Would you care to comment on the choices the boys have lined up for you? 

and if we are too close to the knuckle, just say so and we will stop it! :-/


----------



## nutts

Oh and you REALLY should ask for a share of the pot ;D


----------



## vlastan

I was going to post pictures of all the suspects so you can select which one is the lucky one!! :

What if you get more than one bunch of flowers this Friday...will you then be confused!! ;D


----------



## TTotal

I really cant say but.............alright then....

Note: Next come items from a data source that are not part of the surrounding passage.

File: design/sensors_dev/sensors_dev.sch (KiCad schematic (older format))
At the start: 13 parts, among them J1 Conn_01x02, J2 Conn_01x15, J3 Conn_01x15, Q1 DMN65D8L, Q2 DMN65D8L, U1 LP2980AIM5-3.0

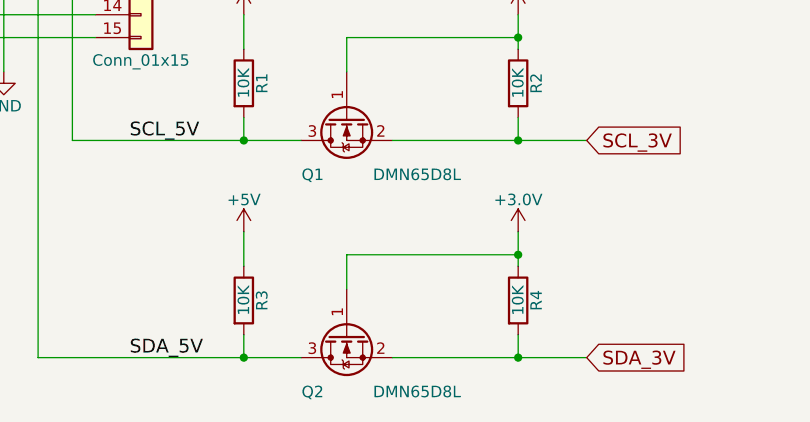
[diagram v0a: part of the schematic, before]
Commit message: fix FXAS21002 protocol and bidir mosfets
- Per review, tie pin 17 of FXAS21002 to HIGH the way it should be for
  I2C mode.
- switch out bidirectional mosfets for some that would actually work.
  (VGS_th too hih relative to VDS for the old ones)
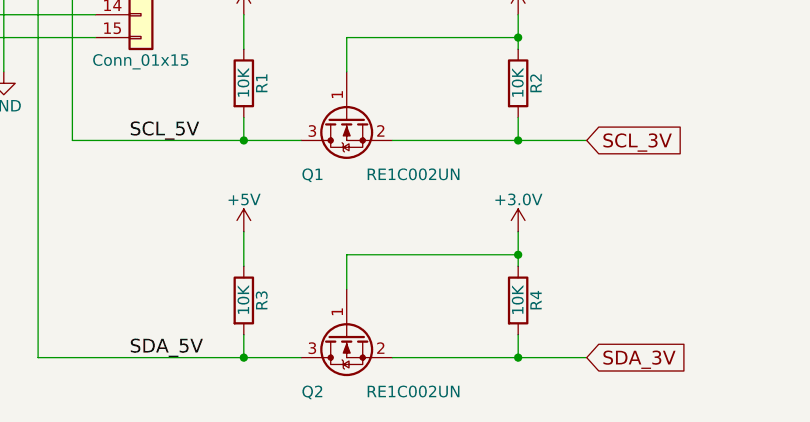
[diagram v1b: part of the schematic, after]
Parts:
- Q1, Q2: value DMN65D8L -> RE1C002UN
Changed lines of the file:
@@
 P 5100 5750
 F 0 "Q2" V 5350 5850 50  0000 L CNN
-F 1 "DMN65D8L" V 5350 5250 50  0000 L CNN
+F 1 "RE1C002UN" V 5350 5250 50  0000 L CNN
 F 2 "" H 5300 5850 50  0001 C CNN
 F 3 "" H 5100 5750 50  0001 C CNN
@@
 P 5100 4800
 F 0 "Q1" V 5350 4900 50  0000 L CNN
-F 1 "DMN65D8L" V 5350 4300 50  0000 L CNN
+F 1 "RE1C002UN" V 5350 4300 50  0000 L CNN
 F 2 "" H 5300 4900 50  0001 C CNN
 F 3 "" H 5100 4800 50  0001 C CNN

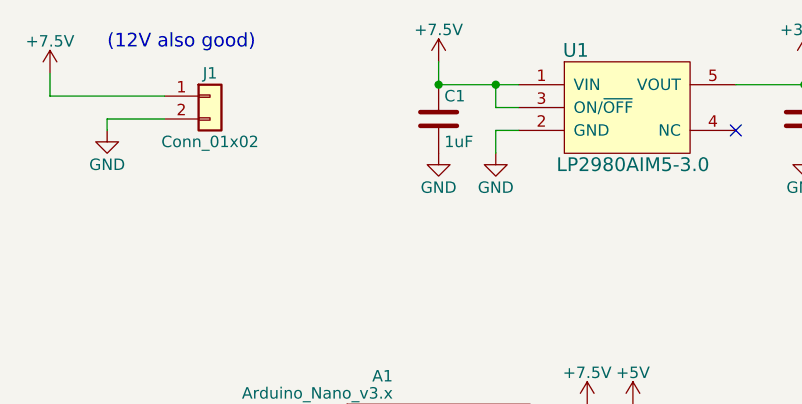
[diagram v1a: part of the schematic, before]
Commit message: Add footprints and decoupling caps to some ICs
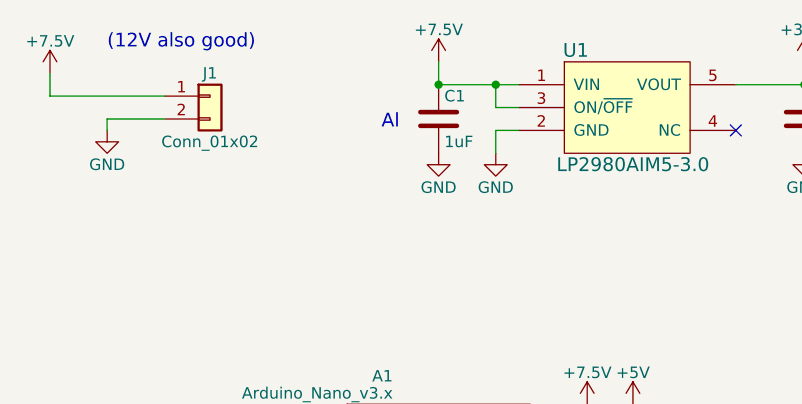
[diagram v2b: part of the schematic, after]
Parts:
- A1: footprint Flight_Instr:Arduino_Nano -> Module:Arduino_Nano
- C1, C2: footprint (none) -> Capacitors_ThroughHole:CP_Radial_Tantal_D5.0mm_P2.50mm
- J1: footprint (none) -> Pin_Headers:Pin_Header_Straight_1x02_Pitch2.54mm
- J2, J3: footprint (none) -> Pin_Headers:Pin_Header_Straight_1x15_Pitch2.54mm
- Q1, Q2: footprint (none) -> TO_SOT_Packages_SMD:SOT-23_Handsoldering
- R1, R2, R3, R4: footprint (none) -> Resistors_SMD:R_0805_HandSoldering
- U1: footprint (none) -> TO_SOT_Packages_THT:TO-92_Inline_Narrow_Oval
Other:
- note added: "Al"
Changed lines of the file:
@@
 F 0 "U1" H 3550 1700 60  0000 C CNN
 F 1 "LP2980AIM5-3.0" H 3800 1200 60  0000 C CNN
-F 2 "" H 3750 1500 60  0001 C CNN
+F 2 "TO_SOT_Packages_THT:TO-92_Inline_Narrow_Oval" H 3750 1500 60  0001 C CNN
 F 3 "" H 3750 1500 60  0001 C CNN
 	1    3800 1500
@@
 F 0 "C1" H 2975 1700 50  0000 L CNN
 F 1 "1uF" H 2975 1500 50  0000 L CNN
-F 2 "" H 2988 1450 50  0001 C CNN
+F 2 "Capacitors_ThroughHole:CP_Radial_Tantal_D5.0mm_P2.50mm" H 2988 1450 50  0001 C CNN
 F 3 "" H 2950 1600 50  0001 C CNN
 	1    2950 1600
@@
 F 0 "C2" H 4575 1700 50  0000 L CNN
 F 1 "2.2uF" H 4575 1500 50  0000 L CNN
-F 2 "" H 4588 1450 50  0001 C CNN
+F 2 "Capacitors_ThroughHole:CP_Radial_Tantal_D5.0mm_P2.50mm" H 4588 1450 50  0001 C CNN
 F 3 "" H 4550 1600 50  0001 C CNN
 	1    4550 1600
@@
 F 0 "A1" H 2750 4775 50  0000 R CNN
 F 1 "Arduino_Nano_v3.x" H 2750 4700 50  0000 R CNN
-F 2 "Flight_Instr:Arduino_Nano" H 3100 2800 50  0001 L CNN
+F 2 "Module:Arduino_Nano" H 3100 2800 50  0001 L CNN
 F 3 "" H 2950 2750 50  0001 C CNN
 	1    2950 3750
@@
 F 0 "J2" H 1700 4550 50  0000 C CNN
 F 1 "Conn_01x15" H 1700 2950 50  0000 C CNN
-F 2 "" H 1700 3750 50  0001 C CNN
+F 2 "Pin_Headers:Pin_Header_Straight_1x15_Pitch2.54mm" H 1700 3750 50  0001 C CNN
 F 3 "" H 1700 3750 50  0001 C CNN
 	1    1700 3750
@@
 F 0 "J3" H 4200 4550 50  0000 C CNN
 F 1 "Conn_01x15" H 4200 2950 50  0000 C CNN
-F 2 "" H 4200 3750 50  0001 C CNN
+F 2 "Pin_Headers:Pin_Header_Straight_1x15_Pitch2.54mm" H 4200 3750 50  0001 C CNN
 F 3 "" H 4200 3750 50  0001 C CNN
 	1    4200 3750
@@
 F 0 "J1" H 1950 1600 50  0000 C CNN
 F 1 "Conn_01x02" H 1950 1300 50  0000 C CNN
-F 2 "" H 1950 1500 50  0001 C CNN
+F 2 "Pin_Headers:Pin_Header_Straight_1x02_Pitch2.54mm" H 1950 1500 50  0001 C CNN
 F 3 "" H 1950 1500 50  0001 C CNN
 	1    1950 1500
@@
 F 0 "R1" V 4730 4650 50  0000 C CNN
 F 1 "10K" V 4650 4650 50  0000 C CNN
-F 2 "" V 4580 4650 50  0001 C CNN
+F 2 "Resistors_SMD:R_0805_HandSoldering" V 4580 4650 50  0001 C CNN
 F 3 "" H 4650 4650 50  0001 C CNN
 	1    4650 4650
@@
 F 0 "R2" V 5930 4650 50  0000 C CNN
 F 1 "10K" V 5850 4650 50  0000 C CNN
-F 2 "" V 5780 4650 50  0001 C CNN
+F 2 "Resistors_SMD:R_0805_HandSoldering" V 5780 4650 50  0001 C CNN
 F 3 "" H 5850 4650 50  0001 C CNN
 	1    5850 4650
@@
 F 0 "R3" V 4730 5600 50  0000 C CNN
 F 1 "10K" V 4650 5600 50  0000 C CNN
-F 2 "" V 4580 5600 50  0001 C CNN
+F 2 "Resistors_SMD:R_0805_HandSoldering" V 4580 5600 50  0001 C CNN
 F 3 "" H 4650 5600 50  0001 C CNN
 	1    4650 5600
@@
 F 0 "R4" V 5930 5600 50  0000 C CNN
 F 1 "10K" V 5850 5600 50  0000 C CNN
-F 2 "" V 5780 5600 50  0001 C CNN
+F 2 "Resistors_SMD:R_0805_HandSoldering" V 5780 5600 50  0001 C CNN
 F 3 "" H 5850 5600 50  0001 C CNN
 	1    5850 5600
@@
 F 0 "Q2" V 5350 5850 50  0000 L CNN
 F 1 "RE1C002UN" V 5350 5250 50  0000 L CNN
-F 2 "" H 5300 5850 50  0001 C CNN
+F 2 "TO_SOT_Packages_SMD:SOT-23_Handsoldering" H 5300 5850 50  0001 C CNN
 F 3 "" H 5100 5750 50  0001 C CNN
 	1    5100 5750
@@
 F 0 "Q1" V 5350 4900 50  0000 L CNN
 F 1 "RE1C002UN" V 5350 4300 50  0000 L CNN
-F 2 "" H 5300 4900 50  0001 C CNN
+F 2 "TO_SOT_Packages_SMD:SOT-23_Handsoldering" H 5300 4900 50  0001 C CNN
 F 3 "" H 5100 4800 50  0001 C CNN
 	1    5100 4800
@@
 Text Notes 1500 1300 0    60   ~ 0
 (12V also good)
+Text Notes 2700 1650 0    60   ~ 0
+Al
 $EndSCHEMATC

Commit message: Start PCB and swap out gyro
Old gyro (fxas) was 24 LGA and required a clearance between 3 and 4 mil,
which increases costs and cuts down fab house options. Swapped out the
gyro for another one with slightly higher drift but in a more convenient
package (LGA14).
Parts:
- U1: footprint TO_SOT_Packages_THT:TO-92_Inline_Narrow_Oval -> TO_SOT_Packages_SMD:SOT-23-5_HandSoldering
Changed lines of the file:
@@
 F 0 "U1" H 3550 1700 60  0000 C CNN
 F 1 "LP2980AIM5-3.0" H 3800 1200 60  0000 C CNN
-F 2 "TO_SOT_Packages_THT:TO-92_Inline_Narrow_Oval" H 3750 1500 60  0001 C CNN
+F 2 "TO_SOT_Packages_SMD:SOT-23-5_HandSoldering" H 3750 1500 60  0001 C CNN
 F 3 "" H 3750 1500 60  0001 C CNN
 	1    3800 1500

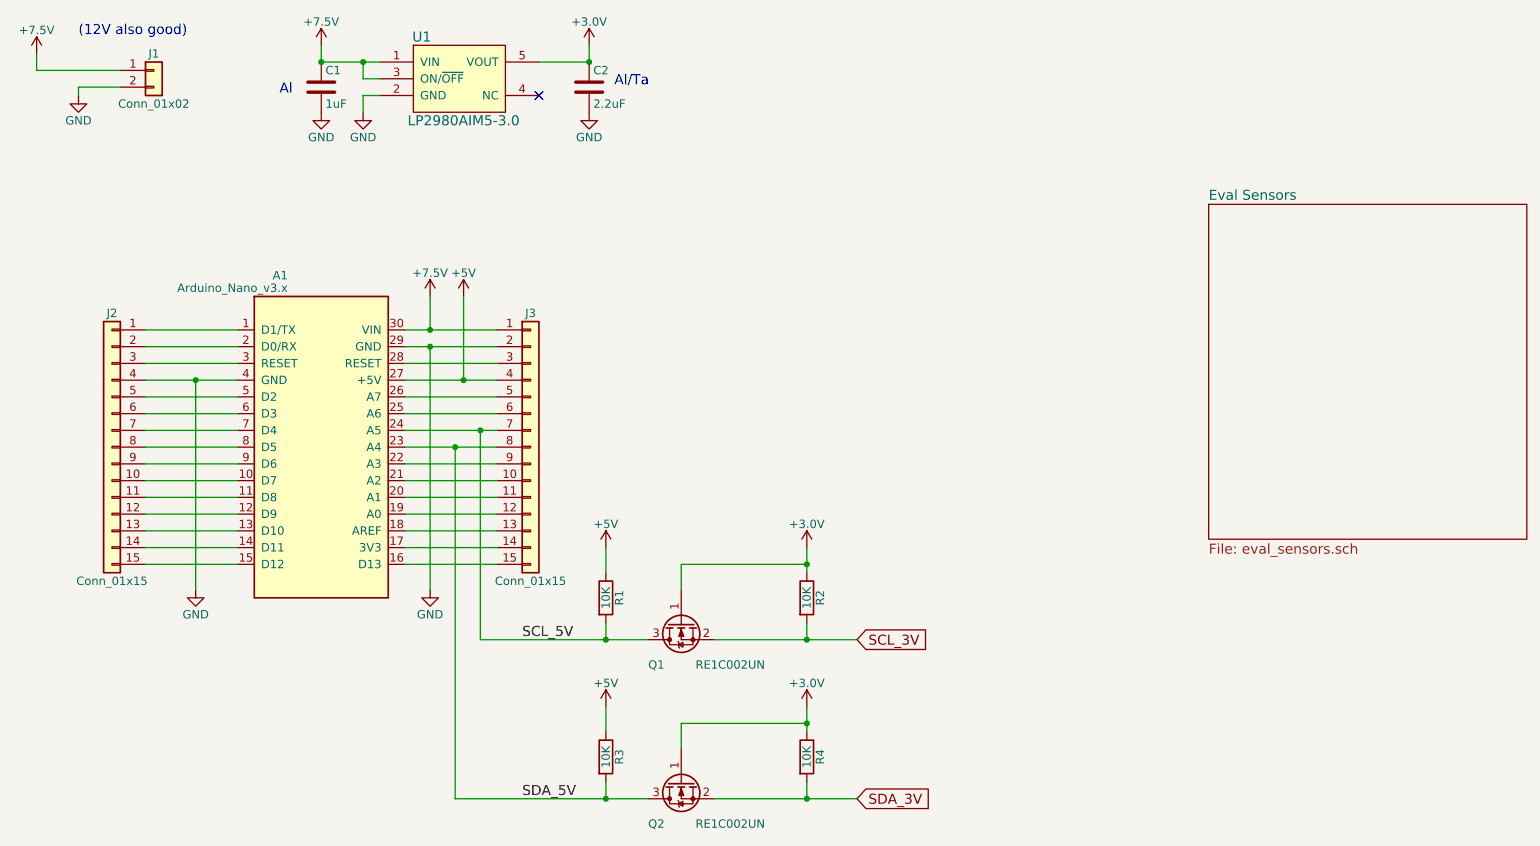
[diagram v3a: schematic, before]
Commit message: First pass board routing.
Also, remove arduino from PCB since this is a dev board and there's no
point paying for extra unused board space.
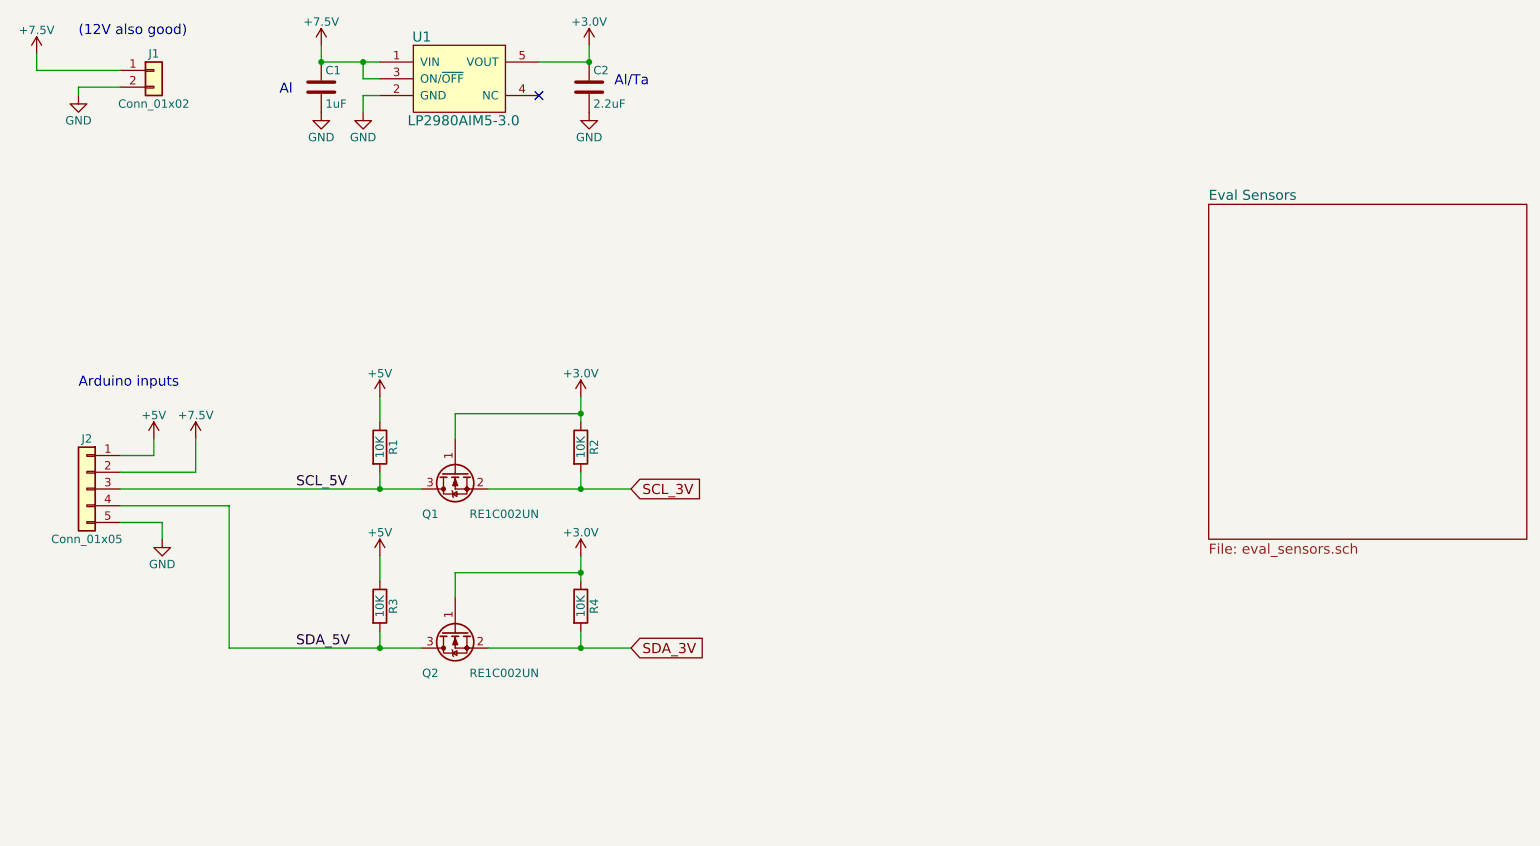
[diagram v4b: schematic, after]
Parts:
- removed A1: Arduino_Nano_v3.x, Module:Arduino_Nano, symbol Arduino_Nano_v3.x
- removed J2, J3: Conn_01x15, Pin_Headers:Pin_Header_Straight_1x15_Pitch2.54mm, symbol Conn_01x15
- added J2: Conn_01x05, Pin_Headers:Pin_Header_Straight_1x05_Pitch2.54mm, symbol Conn_01x05
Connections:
- net +5V: now also J2.1 (Pin_1)
- net +7.5V: now also J2.2 (Pin_2)
- net GND: now also J2.5 (Pin_5)
- net SCL_5V: now also J2.3 (Pin_3)
- net SDA_5V: now also J2.4 (Pin_4)
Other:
- note added: "Arduino inputs\n"
- moved on the sheet: Q1, Q2, R1, R2, R3, R4

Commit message: Redo board placement and routing
Will send to fab after final review.
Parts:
- R1, R2, R3, R4: footprint Resistors_SMD:R_0805_HandSoldering -> Resistors_SMD:R_0603_HandSoldering
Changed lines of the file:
@@
 F 0 "R1" V 3380 3750 50  0000 C CNN
 F 1 "10K" V 3300 3750 50  0000 C CNN
-F 2 "Resistors_SMD:R_0805_HandSoldering" V 3230 3750 50  0001 C CNN
+F 2 "Resistors_SMD:R_0603_HandSoldering" V 3230 3750 50  0001 C CNN
 F 3 "" H 3300 3750 50  0001 C CNN
 	1    3300 3750
@@
 F 0 "R2" V 4580 3750 50  0000 C CNN
 F 1 "10K" V 4500 3750 50  0000 C CNN
-F 2 "Resistors_SMD:R_0805_HandSoldering" V 4430 3750 50  0001 C CNN
+F 2 "Resistors_SMD:R_0603_HandSoldering" V 4430 3750 50  0001 C CNN
 F 3 "" H 4500 3750 50  0001 C CNN
 	1    4500 3750
@@
 F 0 "R3" V 3380 4700 50  0000 C CNN
 F 1 "10K" V 3300 4700 50  0000 C CNN
-F 2 "Resistors_SMD:R_0805_HandSoldering" V 3230 4700 50  0001 C CNN
+F 2 "Resistors_SMD:R_0603_HandSoldering" V 3230 4700 50  0001 C CNN
 F 3 "" H 3300 4700 50  0001 C CNN
 	1    3300 4700
@@
 F 0 "R4" V 4580 4700 50  0000 C CNN
 F 1 "10K" V 4500 4700 50  0000 C CNN
-F 2 "Resistors_SMD:R_0805_HandSoldering" V 4430 4700 50  0001 C CNN
+F 2 "Resistors_SMD:R_0603_HandSoldering" V 4430 4700 50  0001 C CNN
 F 3 "" H 4500 4700 50  0001 C CNN
 	1    4500 4700

Its XXXXXXXXXXXXXXXXX (CENSORED Later)

Sorry guys I have now been sworn to secrecy.


----------



## vlastan

Speak the truth man...or else you will be damned!! ;D


----------



## W7 PMC

I bet Louise gets more flowers than me, although i did get sent an anonymous Valentines card 3 weeks ago from a secret admirer :-*

In fact is pissed me off a little as i spent hours trying to work out who it could have been. Better not have been you Vlastan


----------



## Guest

W7... Vlastan would only send valentines cards to himself!! ;D.


----------



## W7 PMC

Abi:

Good point phewww


----------



## Lisa.

Valentines Cards ahhhh! :


----------



## vlastan

It wasn't me Paul...I prefer fuller breasts!! : ;D

Anybody else gets Valentines card then? Lisa...looks like you don't and so does Abi.


----------



## Guest

Vlastan I have heaps actually !!! ;D and I suspect Lisa does too . We dont have as many as you becasue we get them from men and do not send them to ourselves heheheheheh lol


----------



## vlastan

I am certain that my Valentine card is in the post already. I posted it myself today!!


----------



## Guest

Now Vlastan was that first class or second class  You wouldn't want it to be late now would you hehehe lol ;D.


----------



## paulatt

> I am certain that my Valentine card is in the post already. I posted it myself today!! Â


I suppose we will all be expecting a little something tomorrow from our husband/wife/partner.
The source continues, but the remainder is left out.